Anne’s book, City of Debtors: A Century of Fringe Finance (Harvard University Press, 2018), was a Choice Outstanding Academic Title and won the annual book prize of the American College of Consumer Financial Services Lawyers and the Ralph Gomory Book Prize of the Business History Conference, whose prize committee described it well:
In this deeply-researched, well-crafted, and timely book, Anne Fleming offers a rich history of the small loan industry, across most of the twentieth century. Drawing on evidence from hundreds of court cases, among other sources, Fleming skilfully reconstructs the changing experiences and strategies of borrowers and lenders, as they navigated changing local and national regulatory regimes. Using crisp prose, Fleming provides a clear discussion of a long and complex story about business and regulation, while highlighting the struggles of individual human characters. City of Debtors is a detailed, scholarly study, but one that never loses sight of bigger, enduring problems and questions, including, as Fleming puts it, questions about the “meaning of justice within capitalism.”She discussed the book in a series of posts on LHB. In characteristic fashion, Anne wrote about her work in a way that was the opposite of self-aggrandizing, studding her posts with words of wisdom for other writers. She also discussed the book with the director of the American Bankruptcy Institute in the ABI’s podcast series.
At her untimely death, Anne had entered a new and ambitious phase of her scholarly career. For example, her 2019 article "The Public Interest in the Private Law of the Poor" explored "uncharted connections between private law and poverty law," showing "how concerns about public spending on poor relief have shaped debates over the private law of the poor for over a century." The article was aimed not only at legal historians and scholars of poverty law, but also at scholars of law and economics and policymakers concerned with contemporary economic inequality.
Anne was also fully embarked on an enormously exciting book project, “Household Borrowing and Bankruptcy in Jim Crow America, 1920-1960.” Anne planned to describe “how working-class households, both black and white, organized their financial lives and navigated the shifting matrix of legal rules and institutions that governed credit relationships and debt forgiveness in the first half of the twentieth century.” Although she had conducted research on Philadelphia and Washington, D.C., and expected to sample bankruptcy files in other cities, her research centered on Birmingham, Alabama, where, for over five years in the 1930s, an innovative “Debtors Court” adjudicated the filings of 10,000 wage earners seeking debt adjustment or forgiveness. The court inspired Chapter 13 of the federal bankruptcy law, which extended its system of court-supervised repayment to the entire nation. Further, its docket and case files, when linked to the census and city directories and geocoded, made possible a rich portrait of the financial lives of the working class and showed how race shaped access to credit and debt relief. She captured her preliminary findings in a website, The Bankruptcy Capital of the World: Debt Relief in Birmingham, Alabama in the 1930s, which she was still revising at her death.
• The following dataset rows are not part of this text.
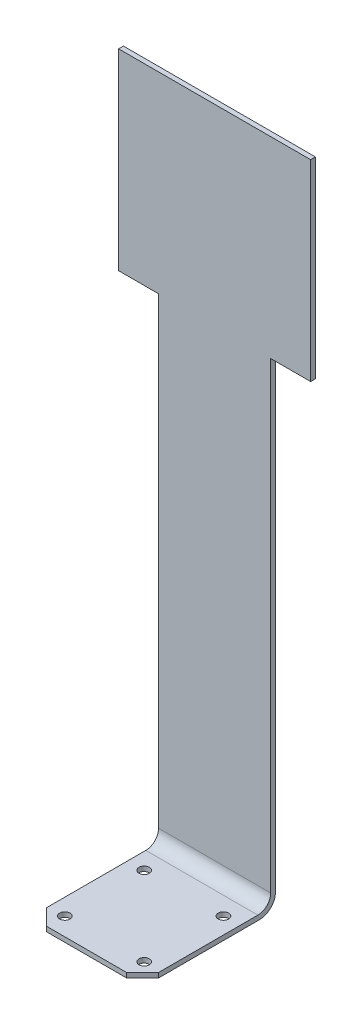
ISO-10303-21;
HEADER;
FILE_DESCRIPTION(('STEP AP214'),'2;1');
FILE_NAME('part.step','',(''),(''),'','','');
FILE_SCHEMA(('AUTOMOTIVE_DESIGN { 1 0 10303 214 1 1 1 1 }'));
ENDSEC;
DATA;
#1=APPLICATION_CONTEXT('core data for automotive mechanical design processes');
#2=APPLICATION_PROTOCOL_DEFINITION('international standard','automotive_design',2000,#1);
#3=PRODUCT_CONTEXT('',#1,'mechanical');
#4=PRODUCT('Part','Part','',(#3));
#5=PRODUCT_RELATED_PRODUCT_CATEGORY('part','',(#4));
#6=PRODUCT_DEFINITION_FORMATION('','',#4);
#7=PRODUCT_DEFINITION_CONTEXT('part definition',#1,'design');
#8=PRODUCT_DEFINITION('design','',#6,#7);
#9=PRODUCT_DEFINITION_SHAPE('','',#8);
#10=(LENGTH_UNIT() NAMED_UNIT(*) SI_UNIT(.MILLI.,.METRE.));
#11=(NAMED_UNIT(*) PLANE_ANGLE_UNIT() SI_UNIT($,.RADIAN.));
#12=(NAMED_UNIT(*) SI_UNIT($,.STERADIAN.) SOLID_ANGLE_UNIT());
#13=UNCERTAINTY_MEASURE_WITH_UNIT(LENGTH_MEASURE(1.E-05),#10,'distance_accuracy_value','');
#14=(GEOMETRIC_REPRESENTATION_CONTEXT(3) GLOBAL_UNCERTAINTY_ASSIGNED_CONTEXT((#13)) GLOBAL_UNIT_ASSIGNED_CONTEXT((#10,
#11,#12)) REPRESENTATION_CONTEXT('',''));
#15=CARTESIAN_POINT('',(0.,0.,0.));
#16=DIRECTION('',(0.,0.,1.));
#17=DIRECTION('',(1.,0.,0.));
#18=AXIS2_PLACEMENT_3D('',#15,#16,#17);
#19=CARTESIAN_POINT('',(0.,0.,1.5));
#20=DIRECTION('',(0.,0.,-1.));
#21=DIRECTION('',(-1.,0.,0.));
#22=AXIS2_PLACEMENT_3D('',#19,#20,#21);
#23=PLANE('',#22);
#24=DIRECTION('',(0.,-1.,0.));
#25=VECTOR('',#24,1.);
#26=CARTESIAN_POINT('',(-35.,-60.,1.5));
#27=LINE('',#26,#25);
#28=CARTESIAN_POINT('',(-35.,-60.,1.5));
#29=VERTEX_POINT('',#28);
#30=CARTESIAN_POINT('',(-35.,-349.,1.5));
#31=VERTEX_POINT('',#30);
#32=EDGE_CURVE('E187',#29,#31,#27,.T.);
#33=ORIENTED_EDGE('',*,*,#32,.T.);
#34=DIRECTION('',(-1.,0.,0.));
#35=VECTOR('',#34,1.);
#36=CARTESIAN_POINT('',(35.,-349.,1.5));
#37=LINE('',#36,#35);
#38=CARTESIAN_POINT('',(35.,-349.,1.5));
#39=VERTEX_POINT('',#38);
#40=EDGE_CURVE('E205',#31,#39,#37,.F.);
#41=ORIENTED_EDGE('',*,*,#40,.T.);
#42=DIRECTION('',(0.,1.,0.));
#43=VECTOR('',#42,1.);
#44=CARTESIAN_POINT('',(35.,-360.,1.5));
#45=LINE('',#44,#43);
#46=CARTESIAN_POINT('',(35.,-60.,1.5));
#47=VERTEX_POINT('',#46);
#48=EDGE_CURVE('E191',#39,#47,#45,.T.);
#49=ORIENTED_EDGE('',*,*,#48,.T.);
#50=DIRECTION('',(1.,0.,0.));
#51=VECTOR('',#50,1.);
#52=CARTESIAN_POINT('',(35.,-60.,1.5));
#53=LINE('',#52,#51);
#54=CARTESIAN_POINT('',(60.,-60.,1.5));
#55=VERTEX_POINT('',#54);
#56=EDGE_CURVE('E179',#47,#55,#53,.T.);
#57=ORIENTED_EDGE('',*,*,#56,.T.);
#58=DIRECTION('',(0.,1.,0.));
#59=VECTOR('',#58,1.);
#60=CARTESIAN_POINT('',(60.,-60.,1.5));
#61=LINE('',#60,#59);
#62=CARTESIAN_POINT('',(60.,60.,1.5));
#63=VERTEX_POINT('',#62);
#64=EDGE_CURVE('E174',#55,#63,#61,.T.);
#65=ORIENTED_EDGE('',*,*,#64,.T.);
#66=DIRECTION('',(-1.,0.,0.));
#67=VECTOR('',#66,1.);
#68=CARTESIAN_POINT('',(-59.9999999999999,60.,1.5));
#69=LINE('',#68,#67);
#70=CARTESIAN_POINT('',(-60.,60.,1.5));
#71=VERTEX_POINT('',#70);
#72=EDGE_CURVE('E153',#63,#71,#69,.T.);
#73=ORIENTED_EDGE('',*,*,#72,.T.);
#74=DIRECTION('',(0.,-1.,0.));
#75=VECTOR('',#74,1.);
#76=CARTESIAN_POINT('',(-59.9999999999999,-60.,1.5));
#77=LINE('',#76,#75);
#78=CARTESIAN_POINT('',(-59.9999999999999,-60.,1.49999999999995));
#79=VERTEX_POINT('',#78);
#80=EDGE_CURVE('E253',#71,#79,#77,.T.);
#81=ORIENTED_EDGE('',*,*,#80,.T.);
#82=DIRECTION('',(1.,0.,0.));
#83=VECTOR('',#82,1.);
#84=CARTESIAN_POINT('',(-59.9999999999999,-60.,1.5));
#85=LINE('',#84,#83);
#86=EDGE_CURVE('E192',#79,#29,#85,.T.);
#87=ORIENTED_EDGE('',*,*,#86,.T.);
#88=EDGE_LOOP('',(#33,#41,#49,#57,#65,#73,#81,#87));
#89=FACE_BOUND('',#88,.T.);
#90=ADVANCED_FACE('F33',(#89),#23,.F.);
#91=CARTESIAN_POINT('',(-59.9999999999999,60.,1.5));
#92=DIRECTION('',(0.,-1.,0.));
#93=DIRECTION('',(0.,0.,-1.));
#94=AXIS2_PLACEMENT_3D('',#91,#92,#93);
#95=PLANE('',#94);
#96=ORIENTED_EDGE('',*,*,#72,.F.);
#97=CARTESIAN_POINT('',(74.9248115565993,60.,0.));
#98=DIRECTION('',(0.,1.,0.));
#99=DIRECTION('',(0.,0.,1.));
#100=AXIS2_PLACEMENT_3D('',#97,#98,#99);
#101=CIRCLE('',#100,15.);
#102=CARTESIAN_POINT('',(60.,60.,-1.5));
#103=VERTEX_POINT('',#102);
#104=EDGE_CURVE('E136',#103,#63,#101,.T.);
#105=ORIENTED_EDGE('',*,*,#104,.F.);
#106=DIRECTION('',(-1.,0.,0.));
#107=VECTOR('',#106,1.);
#108=CARTESIAN_POINT('',(-59.9999999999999,60.,-1.5));
#109=LINE('',#108,#107);
#110=CARTESIAN_POINT('',(-59.9999999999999,60.,-1.5));
#111=VERTEX_POINT('',#110);
#112=EDGE_CURVE('E144',#103,#111,#109,.T.);
#113=ORIENTED_EDGE('',*,*,#112,.T.);
#114=CARTESIAN_POINT('',(-74.9248115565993,60.,0.));
#115=DIRECTION('',(0.,1.,0.));
#116=DIRECTION('',(0.,0.,1.));
#117=AXIS2_PLACEMENT_3D('',#114,#115,#116);
#118=CIRCLE('',#117,15.);
#119=EDGE_CURVE('E288',#71,#111,#118,.T.);
#120=ORIENTED_EDGE('',*,*,#119,.F.);
#121=EDGE_LOOP('',(#96,#105,#113,#120));
#122=FACE_BOUND('',#121,.T.);
#123=ADVANCED_FACE('F149',(#122),#95,.F.);
#124=CARTESIAN_POINT('',(-59.9999999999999,-60.,1.5));
#125=DIRECTION('',(0.,1.,0.));
#126=DIRECTION('',(0.,0.,1.));
#127=AXIS2_PLACEMENT_3D('',#124,#125,#126);
#128=PLANE('',#127);
#129=ORIENTED_EDGE('',*,*,#86,.F.);
#130=CARTESIAN_POINT('',(-74.9248115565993,-60.,0.));
#131=DIRECTION('',(0.,1.,0.));
#132=DIRECTION('',(0.,0.,1.));
#133=AXIS2_PLACEMENT_3D('',#130,#131,#132);
#134=CIRCLE('',#133,15.);
#135=CARTESIAN_POINT('',(-60.,-60.,-1.5));
#136=VERTEX_POINT('',#135);
#137=EDGE_CURVE('E145',#79,#136,#134,.T.);
#138=ORIENTED_EDGE('',*,*,#137,.T.);
#139=DIRECTION('',(1.,0.,0.));
#140=VECTOR('',#139,1.);
#141=CARTESIAN_POINT('',(-59.9999999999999,-60.,-1.5));
#142=LINE('',#141,#140);
#143=CARTESIAN_POINT('',(-35.,-60.,-1.5));
#144=VERTEX_POINT('',#143);
#145=EDGE_CURVE('E162',#136,#144,#142,.T.);
#146=ORIENTED_EDGE('',*,*,#145,.T.);
#147=DIRECTION('',(0.,0.,-1.));
#148=VECTOR('',#147,1.);
#149=CARTESIAN_POINT('',(-35.,-60.,1.5));
#150=LINE('',#149,#148);
#151=EDGE_CURVE('E183',#29,#144,#150,.T.);
#152=ORIENTED_EDGE('',*,*,#151,.F.);
#153=EDGE_LOOP('',(#129,#138,#146,#152));
#154=FACE_BOUND('',#153,.T.);
#155=ADVANCED_FACE('F256',(#154),#128,.F.);
#156=CARTESIAN_POINT('',(-35.,-60.,1.5));
#157=DIRECTION('',(1.,0.,0.));
#158=DIRECTION('',(0.,0.,-1.));
#159=AXIS2_PLACEMENT_3D('',#156,#157,#158);
#160=PLANE('',#159);
#161=DIRECTION('',(0.,0.,-1.));
#162=VECTOR('',#161,1.);
#163=CARTESIAN_POINT('',(-35.,-360.,1.5));
#164=LINE('',#163,#162);
#165=CARTESIAN_POINT('',(-35.,-360.,71.4999999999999));
#166=VERTEX_POINT('',#165);
#167=CARTESIAN_POINT('',(-35.,-360.,8.5));
#168=VERTEX_POINT('',#167);
#169=EDGE_CURVE('E181',#166,#168,#164,.T.);
#170=ORIENTED_EDGE('',*,*,#169,.F.);
#171=DIRECTION('',(0.,1.,0.));
#172=VECTOR('',#171,1.);
#173=CARTESIAN_POINT('',(-35.,-60.,71.4999999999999));
#174=LINE('',#173,#172);
#175=CARTESIAN_POINT('',(-35.,-357.,71.4999999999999));
#176=VERTEX_POINT('',#175);
#177=EDGE_CURVE('E11',#166,#176,#174,.T.);
#178=ORIENTED_EDGE('',*,*,#177,.T.);
#179=DIRECTION('',(0.,0.,-1.));
#180=VECTOR('',#179,1.);
#181=CARTESIAN_POINT('',(-35.,-357.,81.5));
#182=LINE('',#181,#180);
#183=CARTESIAN_POINT('',(-35.,-357.,9.49999999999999));
#184=VERTEX_POINT('',#183);
#185=EDGE_CURVE('E220',#176,#184,#182,.T.);
#186=ORIENTED_EDGE('',*,*,#185,.T.);
#187=CARTESIAN_POINT('',(-35.,-349.,9.49999999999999));
#188=DIRECTION('',(1.,0.,0.));
#189=DIRECTION('',(0.,0.,-1.));
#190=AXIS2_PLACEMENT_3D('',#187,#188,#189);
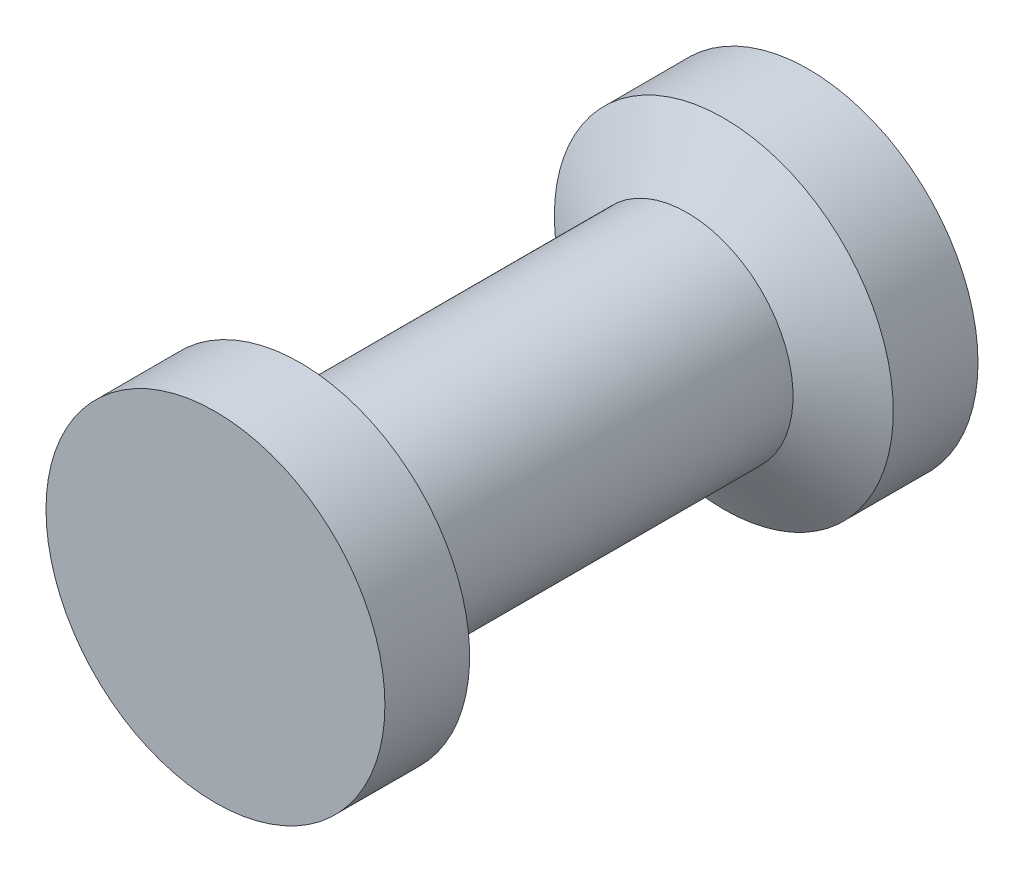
ISO-10303-21;
HEADER;
FILE_DESCRIPTION(('STEP AP214'),'2;1');
FILE_NAME('part.step','',(''),(''),'','','');
FILE_SCHEMA(('AUTOMOTIVE_DESIGN { 1 0 10303 214 1 1 1 1 }'));
ENDSEC;
DATA;
#1=APPLICATION_CONTEXT('core data for automotive mechanical design processes');
#2=APPLICATION_PROTOCOL_DEFINITION('international standard','automotive_design',2000,#1);
#3=PRODUCT_CONTEXT('',#1,'mechanical');
#4=PRODUCT('Part','Part','',(#3));
#5=PRODUCT_RELATED_PRODUCT_CATEGORY('part','',(#4));
#6=PRODUCT_DEFINITION_FORMATION('','',#4);
#7=PRODUCT_DEFINITION_CONTEXT('part definition',#1,'design');
#8=PRODUCT_DEFINITION('design','',#6,#7);
#9=PRODUCT_DEFINITION_SHAPE('','',#8);
#10=(LENGTH_UNIT() NAMED_UNIT(*) SI_UNIT(.MILLI.,.METRE.));
#11=(NAMED_UNIT(*) PLANE_ANGLE_UNIT() SI_UNIT($,.RADIAN.));
#12=(NAMED_UNIT(*) SI_UNIT($,.STERADIAN.) SOLID_ANGLE_UNIT());
#13=UNCERTAINTY_MEASURE_WITH_UNIT(LENGTH_MEASURE(1.E-05),#10,'distance_accuracy_value','');
#14=(GEOMETRIC_REPRESENTATION_CONTEXT(3) GLOBAL_UNCERTAINTY_ASSIGNED_CONTEXT((#13)) GLOBAL_UNIT_ASSIGNED_CONTEXT((#10,
#11,#12)) REPRESENTATION_CONTEXT('',''));
#15=CARTESIAN_POINT('',(0.,0.,0.));
#16=DIRECTION('',(0.,0.,1.));
#17=DIRECTION('',(1.,0.,0.));
#18=AXIS2_PLACEMENT_3D('',#15,#16,#17);
#19=CARTESIAN_POINT('',(0.,0.,120.));
#20=DIRECTION('',(0.,0.,-1.));
#21=DIRECTION('',(-1.,0.,0.));
#22=AXIS2_PLACEMENT_3D('',#19,#20,#21);
#23=CYLINDRICAL_SURFACE('',#22,25.);
#24=CARTESIAN_POINT('',(0.,0.,111.339745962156));
#25=DIRECTION('',(0.,0.,-1.));
#26=DIRECTION('',(-1.,0.,0.));
#27=AXIS2_PLACEMENT_3D('',#24,#25,#26);
#28=CIRCLE('',#27,25.);
#29=CARTESIAN_POINT('',(-25.,0.,111.339745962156));
#30=VERTEX_POINT('',#29);
#31=EDGE_CURVE('E58',#30,#30,#28,.T.);
#32=ORIENTED_EDGE('',*,*,#31,.T.);
#33=EDGE_LOOP('',(#32));
#34=FACE_BOUND('',#33,.T.);
#35=CARTESIAN_POINT('',(0.,0.,28.6602540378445));
#36=DIRECTION('',(0.,0.,-1.));
#37=DIRECTION('',(-1.,0.,0.));
#38=AXIS2_PLACEMENT_3D('',#35,#36,#37);
#39=CIRCLE('',#38,25.);
#40=CARTESIAN_POINT('',(-25.,0.,28.6602540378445));
#41=VERTEX_POINT('',#40);
#42=EDGE_CURVE('E52',#41,#41,#39,.T.);
#43=ORIENTED_EDGE('',*,*,#42,.F.);
#44=EDGE_LOOP('',(#43));
#45=FACE_BOUND('',#44,.T.);
#46=ADVANCED_FACE('F37',(#34,#45),#23,.T.);
#47=CARTESIAN_POINT('',(0.,0.,20.));
#48=DIRECTION('',(0.,0.,-1.));
#49=DIRECTION('',(-1.,0.,0.));
#50=AXIS2_PLACEMENT_3D('',#47,#48,#49);
#51=CONICAL_SURFACE('',#50,40.,1.04719755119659);
#52=ORIENTED_EDGE('',*,*,#42,.T.);
#53=EDGE_LOOP('',(#52));
#54=FACE_BOUND('',#53,.T.);
#55=CARTESIAN_POINT('',(0.,0.,20.));
#56=DIRECTION('',(0.,0.,1.));
#57=DIRECTION('',(1.,0.,0.));
#58=AXIS2_PLACEMENT_3D('',#55,#56,#57);
#59=CIRCLE('',#58,40.);
#60=CARTESIAN_POINT('',(40.,0.,20.));
#61=VERTEX_POINT('',#60);
#62=EDGE_CURVE('E10',#61,#61,#59,.T.);
#63=ORIENTED_EDGE('',*,*,#62,.T.);
#64=EDGE_LOOP('',(#63));
#65=FACE_BOUND('',#64,.T.);
#66=ADVANCED_FACE('F81',(#54,#65),#51,.T.);
#67=CARTESIAN_POINT('',(0.,0.,0.));
#68=DIRECTION('',(0.,0.,1.));
#69=DIRECTION('',(1.,0.,0.));
#70=AXIS2_PLACEMENT_3D('',#67,#68,#69);
#71=PLANE('',#70);
#72=CARTESIAN_POINT('',(0.,0.,0.));
#73=DIRECTION('',(0.,0.,1.));
#74=DIRECTION('',(1.,0.,0.));
#75=AXIS2_PLACEMENT_3D('',#72,#73,#74);
#76=CIRCLE('',#75,40.);
#77=CARTESIAN_POINT('',(40.,0.,0.));
#78=VERTEX_POINT('',#77);
#79=EDGE_CURVE('E41',#78,#78,#76,.T.);
#80=ORIENTED_EDGE('',*,*,#79,.F.);
#81=EDGE_LOOP('',(#80));
#82=FACE_BOUND('',#81,.T.);
#83=ADVANCED_FACE('F77',(#82),#71,.F.);
#84=CARTESIAN_POINT('',(0.,0.,20.));
#85=DIRECTION('',(0.,0.,-1.));
#86=DIRECTION('',(-1.,0.,0.));
#87=AXIS2_PLACEMENT_3D('',#84,#85,#86);
#88=CYLINDRICAL_SURFACE('',#87,40.);
#89=ORIENTED_EDGE('',*,*,#62,.F.);
#90=EDGE_LOOP('',(#89));
#91=FACE_BOUND('',#90,.T.);
#92=ORIENTED_EDGE('',*,*,#79,.T.);
#93=EDGE_LOOP('',(#92));
#94=FACE_BOUND('',#93,.T.);
#95=ADVANCED_FACE('F39',(#91,#94),#88,.T.);
#96=CARTESIAN_POINT('',(0.,0.,111.339745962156));
#97=DIRECTION('',(0.,0.,1.));
#98=DIRECTION('',(1.,0.,0.));
#99=AXIS2_PLACEMENT_3D('',#96,#97,#98);
#100=CONICAL_SURFACE('',#99,25.,1.04719755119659);
#101=CARTESIAN_POINT('',(0.,0.,120.));
#102=DIRECTION('',(0.,0.,-1.));
#103=DIRECTION('',(-1.,0.,0.));
#104=AXIS2_PLACEMENT_3D('',#101,#102,#103);
#105=CIRCLE('',#104,40.);
#106=CARTESIAN_POINT('',(-40.,0.,120.));
#107=VERTEX_POINT('',#106);
#108=EDGE_CURVE('E55',#107,#107,#105,.T.);
#109=ORIENTED_EDGE('',*,*,#108,.T.);
#110=EDGE_LOOP('',(#109));
#111=FACE_BOUND('',#110,.T.);
#112=ORIENTED_EDGE('',*,*,#31,.F.);
#113=EDGE_LOOP('',(#112));
#114=FACE_BOUND('',#113,.T.);
#115=ADVANCED_FACE('F64',(#111,#114),#100,.T.);
#116=CARTESIAN_POINT('',(0.,0.,140.));
#117=DIRECTION('',(0.,0.,1.));
#118=DIRECTION('',(1.,0.,0.));
#119=AXIS2_PLACEMENT_3D('',#116,#117,#118);
#120=PLANE('',#119);
#121=CARTESIAN_POINT('',(0.,0.,140.));
#122=DIRECTION('',(0.,0.,1.));
#123=DIRECTION('',(1.,0.,0.));
#124=AXIS2_PLACEMENT_3D('',#121,#122,#123);
#125=CIRCLE('',#124,40.);
#126=CARTESIAN_POINT('',(40.,0.,140.));
#127=VERTEX_POINT('',#126);
#128=EDGE_CURVE('E48',#127,#127,#125,.T.);
#129=ORIENTED_EDGE('',*,*,#128,.T.);
#130=EDGE_LOOP('',(#129));
#131=FACE_BOUND('',#130,.T.);
#132=ADVANCED_FACE('F66',(#131),#120,.T.);
#133=CARTESIAN_POINT('',(0.,0.,140.));
#134=DIRECTION('',(0.,0.,-1.));
#135=DIRECTION('',(-1.,0.,0.));
#136=AXIS2_PLACEMENT_3D('',#133,#134,#135);
#137=CYLINDRICAL_SURFACE('',#136,40.);
#138=ORIENTED_EDGE('',*,*,#128,.F.);
#139=EDGE_LOOP('',(#138));
#140=FACE_BOUND('',#139,.T.);
#141=ORIENTED_EDGE('',*,*,#108,.F.);
#142=EDGE_LOOP('',(#141));
#143=FACE_BOUND('',#142,.T.);
#144=ADVANCED_FACE('F73',(#140,#143),#137,.T.);
#145=CLOSED_SHELL('',(#46,#66,#83,#95,#115,#132,#144));
#146=MANIFOLD_SOLID_BREP('B2',#145);
#147=ADVANCED_BREP_SHAPE_REPRESENTATION('',(#18,#146),#14);
#148=SHAPE_DEFINITION_REPRESENTATION(#9,#147);
ENDSEC;
END-ISO-10303-21;

We link to it with permission.
Her colleagues, students, and fellow historians all remember her warmth, generosity, utter lack of pretension, and above all her kindness. A colleague at South Brooklyn Legal Services recalled her as “fiercely dedicated to her clients, a brilliant and selfless advocate.” Tom Sugrue, one of her dissertation advisors, writes that she was “quietly brilliant and deeply humane.” “Losing a good scholar is bad enough,” writes Bruce Mann, who advised her when she was a Climenko, “but losing such a good person is far worse.”
We at the blog will miss her dearly and treasure her memory.